Port and ministry officials in Lebanon and Turkey didn’t responded to calls and emails seeking comment.

Palmali’s marooned crew highlight the loose patchwork of laws and oversight governing the shipping industry, which often leaves seafarers vulnerable, said Ian Ralby, chief executive officer of I.R. Consilium, a maritime law and security consulting firm that works with the United Nations and governments.

Ships are often registered in countries far from companies’ official headquarters, making oversight difficult. That leaves port officials to oversee the safety of ships and seafarers, who are protected by international maritime law.

“We have developed policies that are ill-suited toward protecting seafarers in favor of the general flow of commerce,” Ralby said. “When things go wrong, seafarers pay the price.”
Protection and indemnity clubs can arrange repatriation and as much as four months of lost wages for abandoned seafarers. That’s often a small fraction of what they’re owed, and while workers can try to recoup in court, many fear that once they leave their vessel, they lose the last bit of leverage they have to collect.

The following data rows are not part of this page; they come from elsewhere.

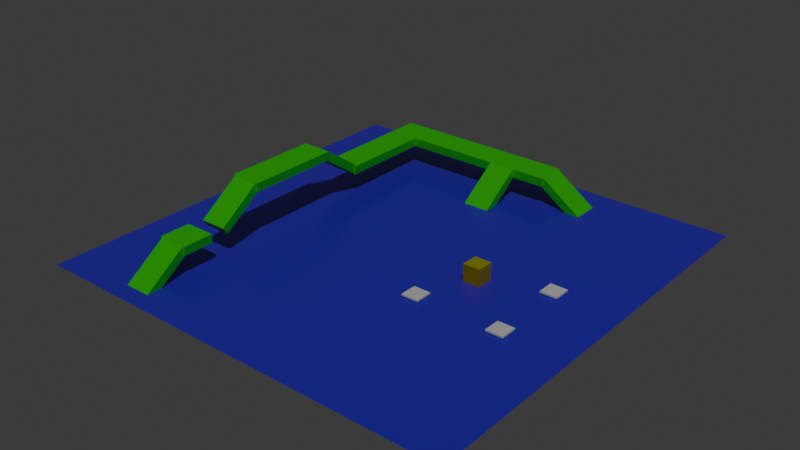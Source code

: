 # Source: scene.blend  (saved by Blender 5.0.119; exported with 4.5.12 LTS)
import bpy
from mathutils import Matrix  # noqa: F401  (used for matrix-valued properties, if any)

bpy.ops.wm.read_factory_settings(use_empty=True)
scene = bpy.context.scene
scene.name = 'Scene'

# ---- materials (node trees are filled in below, after node groups)
mat_material = bpy.data.materials.new('Material')
mat_material_013 = bpy.data.materials.new('Material.013')
mat_material_003 = bpy.data.materials.new('Material.003')
mat_material_004 = bpy.data.materials.new('Material.004')
mat_material_005 = bpy.data.materials.new('Material.005')
mat_material_006 = bpy.data.materials.new('Material.006')
mat_material_007 = bpy.data.materials.new('Material.007')
mat_material_008 = bpy.data.materials.new('Material.008')
mat_material_009 = bpy.data.materials.new('Material.009')
mat_material_010 = bpy.data.materials.new('Material.010')
mat_material_011 = bpy.data.materials.new('Material.011')
mat_material_012 = bpy.data.materials.new('Material.012')

# ---- material node trees
mat_material.use_nodes = True; mat_material.node_tree.nodes.clear()
_N = mat_material.node_tree.nodes; _L = mat_material.node_tree.links
n0 = _N.new('ShaderNodeBsdfPrincipled'); n0.name = 'Principled BSDF'; n0.location = (-200, 100)
n0.inputs[0].default_value = (0.07022, 0.01456, 0.8, 1.0)
n0.inputs[1].default_value = 0.2
n0.inputs[2].default_value = 0.3
n1 = _N.new('ShaderNodeOutputMaterial'); n1.name = 'Material Output'; n1.location = (200, 100)
_L.new(n0.outputs[0], n1.inputs[0])
n1.is_active_output = True
mat_material_013.use_nodes = True; mat_material_013.node_tree.nodes.clear()
_N = mat_material_013.node_tree.nodes; _L = mat_material_013.node_tree.links
n0 = _N.new('ShaderNodeBsdfPrincipled'); n0.name = 'Principled BSDF'; n0.location = (-200, 100)
n0.inputs[0].default_value = (1.0, 1.0, 0.0, 1.0)
n0.inputs[1].default_value = 0.6667
n0.inputs[2].default_value = 0.08527
n1 = _N.new('ShaderNodeOutputMaterial'); n1.name = 'Material Output'; n1.location = (200, 100)
_L.new(n0.outputs[0], n1.inputs[0])
n1.is_active_output = True
mat_material_003.use_nodes = True; mat_material_003.node_tree.nodes.clear()
_N = mat_material_003.node_tree.nodes; _L = mat_material_003.node_tree.links
n0 = _N.new('ShaderNodeBsdfPrincipled'); n0.name = 'Principled BSDF'; n0.location = (-200, 100)
n0.inputs[0].default_value = (0.01796, 0.8, 0.0, 1.0)
n1 = _N.new('ShaderNodeOutputMaterial'); n1.name = 'Material Output'; n1.location = (200, 100)
_L.new(n0.outputs[0], n1.inputs[0])
n1.is_active_output = True
mat_material_004.use_nodes = True; mat_material_004.node_tree.nodes.clear()
_N = mat_material_004.node_tree.nodes; _L = mat_material_004.node_tree.links
n0 = _N.new('ShaderNodeBsdfPrincipled'); n0.name = 'Principled BSDF'; n0.location = (-200, 100)
n0.inputs[0].default_value = (0.01796, 0.8, 0.0, 1.0)
n1 = _N.new('ShaderNodeOutputMaterial'); n1.name = 'Material Output'; n1.location = (200, 100)
_L.new(n0.outputs[0], n1.inputs[0])
n1.is_active_output = True
mat_material_005.use_nodes = True; mat_material_005.node_tree.nodes.clear()
_N = mat_material_005.node_tree.nodes; _L = mat_material_005.node_tree.links
n0 = _N.new('ShaderNodeBsdfPrincipled'); n0.name = 'Principled BSDF'; n0.location = (-200, 100)
n0.inputs[0].default_value = (0.01796, 0.8, 0.0, 1.0)
n1 = _N.new('ShaderNodeOutputMaterial'); n1.name = 'Material Output'; n1.location = (200, 100)
_L.new(n0.outputs[0], n1.inputs[0])
n1.is_active_output = True
mat_material_006.use_nodes = True; mat_material_006.node_tree.nodes.clear()
_N = mat_material_006.node_tree.nodes; _L = mat_material_006.node_tree.links
n0 = _N.new('ShaderNodeBsdfPrincipled'); n0.name = 'Principled BSDF'; n0.location = (-200, 100)
n0.inputs[0].default_value = (0.01796, 0.8, 0.0, 1.0)
n1 = _N.new('ShaderNodeOutputMaterial'); n1.name = 'Material Output'; n1.location = (200, 100)
_L.new(n0.outputs[0], n1.inputs[0])
n1.is_active_output = True
mat_material_007.use_nodes = True; mat_material_007.node_tree.nodes.clear()
_N = mat_material_007.node_tree.nodes; _L = mat_material_007.node_tree.links
n0 = _N.new('ShaderNodeBsdfPrincipled'); n0.name = 'Principled BSDF'; n0.location = (-200, 100)
n0.inputs[0].default_value = (0.01796, 0.8, 0.0, 1.0)
n1 = _N.new('ShaderNodeOutputMaterial'); n1.name = 'Material Output'; n1.location = (200, 100)
_L.new(n0.outputs[0], n1.inputs[0])
n1.is_active_output = True
mat_material_008.use_nodes = True; mat_material_008.node_tree.nodes.clear()
_N = mat_material_008.node_tree.nodes; _L = mat_material_008.node_tree.links
n0 = _N.new('ShaderNodeBsdfPrincipled'); n0.name = 'Principled BSDF'; n0.location = (-200, 100)
n0.inputs[0].default_value = (0.01796, 0.8, 0.0, 1.0)
n1 = _N.new('ShaderNodeOutputMaterial'); n1.name = 'Material Output'; n1.location = (200, 100)
_L.new(n0.outputs[0], n1.inputs[0])
n1.is_active_output = True
mat_material_009.use_nodes = True; mat_material_009.node_tree.nodes.clear()
_N = mat_material_009.node_tree.nodes; _L = mat_material_009.node_tree.links
n0 = _N.new('ShaderNodeBsdfPrincipled'); n0.name = 'Principled BSDF'; n0.location = (-200, 100)
n0.inputs[0].default_value = (0.01796, 0.8, 0.0, 1.0)
n1 = _N.new('ShaderNodeOutputMaterial'); n1.name = 'Material Output'; n1.location = (200, 100)
_L.new(n0.outputs[0], n1.inputs[0])
n1.is_active_output = True
mat_material_010.use_nodes = True; mat_material_010.node_tree.nodes.clear()
_N = mat_material_010.node_tree.nodes; _L = mat_material_010.node_tree.links
n0 = _N.new('ShaderNodeBsdfPrincipled'); n0.name = 'Principled BSDF'; n0.location = (-200, 100)
n0.inputs[0].default_value = (0.01796, 0.8, 0.0, 1.0)
n1 = _N.new('ShaderNodeOutputMaterial'); n1.name = 'Material Output'; n1.location = (200, 100)
_L.new(n0.outputs[0], n1.inputs[0])
n1.is_active_output = True
mat_material_011.use_nodes = True; mat_material_011.node_tree.nodes.clear()
_N = mat_material_011.node_tree.nodes; _L = mat_material_011.node_tree.links
n0 = _N.new('ShaderNodeBsdfPrincipled'); n0.name = 'Principled BSDF'; n0.location = (-200, 100)
n0.inputs[0].default_value = (0.01796, 0.8, 0.0, 1.0)
n1 = _N.new('ShaderNodeOutputMaterial'); n1.name = 'Material Output'; n1.location = (200, 100)
_L.new(n0.outputs[0], n1.inputs[0])
n1.is_active_output = True
mat_material_012.use_nodes = True; mat_material_012.node_tree.nodes.clear()
_N = mat_material_012.node_tree.nodes; _L = mat_material_012.node_tree.links
n0 = _N.new('ShaderNodeBsdfPrincipled'); n0.name = 'Principled BSDF'; n0.location = (-200, 100)
n0.inputs[0].default_value = (0.01796, 0.8, 0.0, 1.0)
n1 = _N.new('ShaderNodeOutputMaterial'); n1.name = 'Material Output'; n1.location = (200, 100)
_L.new(n0.outputs[0], n1.inputs[0])
n1.is_active_output = True

# ---- world
world_world = bpy.data.worlds.new('World'); scene.world = world_world
world_world.use_nodes = True; world_world.node_tree.nodes.clear()
_N = world_world.node_tree.nodes; _L = world_world.node_tree.links
n0 = _N.new('ShaderNodeOutputWorld'); n0.name = 'World Output'; n0.location = (200, 100)
n1 = _N.new('ShaderNodeBackground'); n1.name = 'Background'; n1.location = (-200, 100)
n1.inputs[0].default_value = (0.05088, 0.05088, 0.05088, 1.0)
_L.new(n1.outputs[0], n0.inputs[0])
n0.is_active_output = True
world_world.color = (0.05088, 0.05088, 0.05088)
world_world.sun_shadow_jitter_overblur = 0.0

# ---- lights
light_sun = bpy.data.lights.new('Sun', 'SUN')
light_sun.energy = 1.0

# ---- meshes
me_plane = bpy.data.meshes.new('Plane')
me_plane.from_pydata([(-12.5, -12.5, 0.0), (12.5, -12.5, 0.0), (-12.5, 12.5, 0.0), (12.5, 12.5, 0.0)], [], [(0, 1, 3, 2)])
_uv = me_plane.uv_layers.new(name='UVMap')
_uv.uv.foreach_set('vector', [0.0, 0.0, 1.0, 0.0, 1.0, 1.0, 0.0, 1.0])
me_plane.materials.append(mat_material)
me_plane.update()
me_cube_012 = bpy.data.meshes.new('Cube.012')
me_cube_012.from_pydata([(-0.5, -0.5, -0.5), (-0.5, -0.5, 0.5), (-0.5, 0.5, -0.5), (-0.5, 0.5, 0.5), (0.5, -0.5, -0.5), (0.5, -0.5, 0.5), (0.5, 0.5, -0.5), (0.5, 0.5, 0.5)], [], [(0, 1, 3, 2), (2, 3, 7, 6), (6, 7, 5, 4), (4, 5, 1, 0), (2, 6, 4, 0), (7, 3, 1, 5)])
_uv = me_cube_012.uv_layers.new(name='UVMap')
_uv.uv.foreach_set('vector', [0.375, 0.0, 0.625, 0.0, 0.625, 0.25, 0.375, 0.25, 0.375, 0.25, 0.625, 0.25, 0.625, 0.5, 0.375, 0.5, 0.375, 0.5, 0.625, 0.5, 0.625, 0.75, 0.375, 0.75, 0.375, 0.75, 0.625, 0.75, 0.625, 1.0, 0.375, 1.0, 0.125, 0.5, 0.375, 0.5, 0.375, 0.75, 0.125, 0.75, 0.625, 0.5, 0.875, 0.5, 0.875, 0.75, 0.625, 0.75])
me_cube_012.materials.append(mat_material_013)
me_cube_012.update()
me_cube_002 = bpy.data.meshes.new('Cube.002')
me_cube_002.from_pydata([(-0.5, -0.5, -0.5), (-0.5, -0.5, 0.5), (-0.5, 0.5, -0.5), (-0.5, 0.5, 0.5), (0.5, -0.5, -0.5), (0.5, -0.5, 0.5), (0.5, 0.5, -0.5), (0.5, 0.5, 0.5)], [], [(0, 1, 3, 2), (2, 3, 7, 6), (6, 7, 5, 4), (4, 5, 1, 0), (2, 6, 4, 0), (7, 3, 1, 5)])
_uv = me_cube_002.uv_layers.new(name='UVMap')
_uv.uv.foreach_set('vector', [0.375, 0.0, 0.625, 0.0, 0.625, 0.25, 0.375, 0.25, 0.375, 0.25, 0.625, 0.25, 0.625, 0.5, 0.375, 0.5, 0.375, 0.5, 0.625, 0.5, 0.625, 0.75, 0.375, 0.75, 0.375, 0.75, 0.625, 0.75, 0.625, 1.0, 0.375, 1.0, 0.125, 0.5, 0.375, 0.5, 0.375, 0.75, 0.125, 0.75, 0.625, 0.5, 0.875, 0.5, 0.875, 0.75, 0.625, 0.75])
me_cube_002.materials.append(mat_material_003)
me_cube_002.update()
me_cube_003 = bpy.data.meshes.new('Cube.003')
me_cube_003.from_pydata([(-0.5, -0.5, -0.5), (-0.5, -0.5, 0.5), (-0.5, 0.5, -0.5), (-0.5, 0.5, 0.5), (0.5, -0.5, -0.5), (0.5, -0.5, 0.5), (0.5, 0.5, -0.5), (0.5, 0.5, 0.5)], [], [(0, 1, 3, 2), (2, 3, 7, 6), (6, 7, 5, 4), (4, 5, 1, 0), (2, 6, 4, 0), (7, 3, 1, 5)])
_uv = me_cube_003.uv_layers.new(name='UVMap')
_uv.uv.foreach_set('vector', [0.375, 0.0, 0.625, 0.0, 0.625, 0.25, 0.375, 0.25, 0.375, 0.25, 0.625, 0.25, 0.625, 0.5, 0.375, 0.5, 0.375, 0.5, 0.625, 0.5, 0.625, 0.75, 0.375, 0.75, 0.375, 0.75, 0.625, 0.75, 0.625, 1.0, 0.375, 1.0, 0.125, 0.5, 0.375, 0.5, 0.375, 0.75, 0.125, 0.75, 0.625, 0.5, 0.875, 0.5, 0.875, 0.75, 0.625, 0.75])
me_cube_003.materials.append(mat_material_004)
me_cube_003.update()
me_cube_004 = bpy.data.meshes.new('Cube.004')
me_cube_004.from_pydata([(-0.5, -0.5, -0.5), (-0.5, -0.5, 0.5), (-0.5, 0.5, -0.5), (-0.5, 0.5, 0.5), (0.5, -0.5, -0.5), (0.5, -0.5, 0.5), (0.5, 0.5, -0.5), (0.5, 0.5, 0.5)], [], [(0, 1, 3, 2), (2, 3, 7, 6), (6, 7, 5, 4), (4, 5, 1, 0), (2, 6, 4, 0), (7, 3, 1, 5)])
_uv = me_cube_004.uv_layers.new(name='UVMap')
_uv.uv.foreach_set('vector', [0.375, 0.0, 0.625, 0.0, 0.625, 0.25, 0.375, 0.25, 0.375, 0.25, 0.625, 0.25, 0.625, 0.5, 0.375, 0.5, 0.375, 0.5, 0.625, 0.5, 0.625, 0.75, 0.375, 0.75, 0.375, 0.75, 0.625, 0.75, 0.625, 1.0, 0.375, 1.0, 0.125, 0.5, 0.375, 0.5, 0.375, 0.75, 0.125, 0.75, 0.625, 0.5, 0.875, 0.5, 0.875, 0.75, 0.625, 0.75])
me_cube_004.materials.append(mat_material_005)
me_cube_004.update()
me_cube_005 = bpy.data.meshes.new('Cube.005')
me_cube_005.from_pydata([(-0.5, -0.5, -0.5), (-0.5, -0.5, 0.5), (-0.5, 0.5, -0.5), (-0.5, 0.5, 0.5), (0.5, -0.5, -0.5), (0.5, -0.5, 0.5), (0.5, 0.5, -0.5), (0.5, 0.5, 0.5)], [], [(0, 1, 3, 2), (2, 3, 7, 6), (6, 7, 5, 4), (4, 5, 1, 0), (2, 6, 4, 0), (7, 3, 1, 5)])
_uv = me_cube_005.uv_layers.new(name='UVMap')
_uv.uv.foreach_set('vector', [0.375, 0.0, 0.625, 0.0, 0.625, 0.25, 0.375, 0.25, 0.375, 0.25, 0.625, 0.25, 0.625, 0.5, 0.375, 0.5, 0.375, 0.5, 0.625, 0.5, 0.625, 0.75, 0.375, 0.75, 0.375, 0.75, 0.625, 0.75, 0.625, 1.0, 0.375, 1.0, 0.125, 0.5, 0.375, 0.5, 0.375, 0.75, 0.125, 0.75, 0.625, 0.5, 0.875, 0.5, 0.875, 0.75, 0.625, 0.75])
me_cube_005.materials.append(mat_material_006)
me_cube_005.update()
me_cube_006 = bpy.data.meshes.new('Cube.006')
me_cube_006.from_pydata([(-0.5, -0.5, -0.5), (-0.5, -0.5, 0.5), (-0.5, 0.5, -0.5), (-0.5, 0.5, 0.5), (0.5, -0.5, -0.5), (0.5, -0.5, 0.5), (0.5, 0.5, -0.5), (0.5, 0.5, 0.5)], [], [(0, 1, 3, 2), (2, 3, 7, 6), (6, 7, 5, 4), (4, 5, 1, 0), (2, 6, 4, 0), (7, 3, 1, 5)])
_uv = me_cube_006.uv_layers.new(name='UVMap')
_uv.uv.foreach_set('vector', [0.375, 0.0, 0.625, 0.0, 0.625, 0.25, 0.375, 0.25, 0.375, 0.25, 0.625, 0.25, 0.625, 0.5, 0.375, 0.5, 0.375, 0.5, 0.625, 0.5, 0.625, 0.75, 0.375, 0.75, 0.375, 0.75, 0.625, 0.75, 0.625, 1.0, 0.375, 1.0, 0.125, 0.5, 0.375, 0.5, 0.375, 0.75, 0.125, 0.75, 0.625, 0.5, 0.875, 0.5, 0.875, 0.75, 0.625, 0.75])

Some of the mariners on Palmali ships have been repatriated by P&I clubs, and negotiations are ongoing. Others are staying put and hoping for a rescue. The 14 seafarers aboard the Agdash, which was abandoned in an Egyptian port, got more than $562,000 in lost wages when their ship was sold to a new owner in November, according to the ITF.

One of the few seafarers who would speak on record, Nabiyev said his crew’s abandonment amounts to false imprisonment and a violation of their human rights. For now, he’s looking forward to arriving at home in Azerbaijan’s capital city of Baku. His mother is fighting cancer and bills have mounted. “I just want to see and hold my daughters,” he said. “Then I need to find work on another ship.”

Palmali hired two Lebanese seafarers to stay on the ship in Beirut. Union inspectors overseeing the rest of the abandoned ships say they have not heard from the company.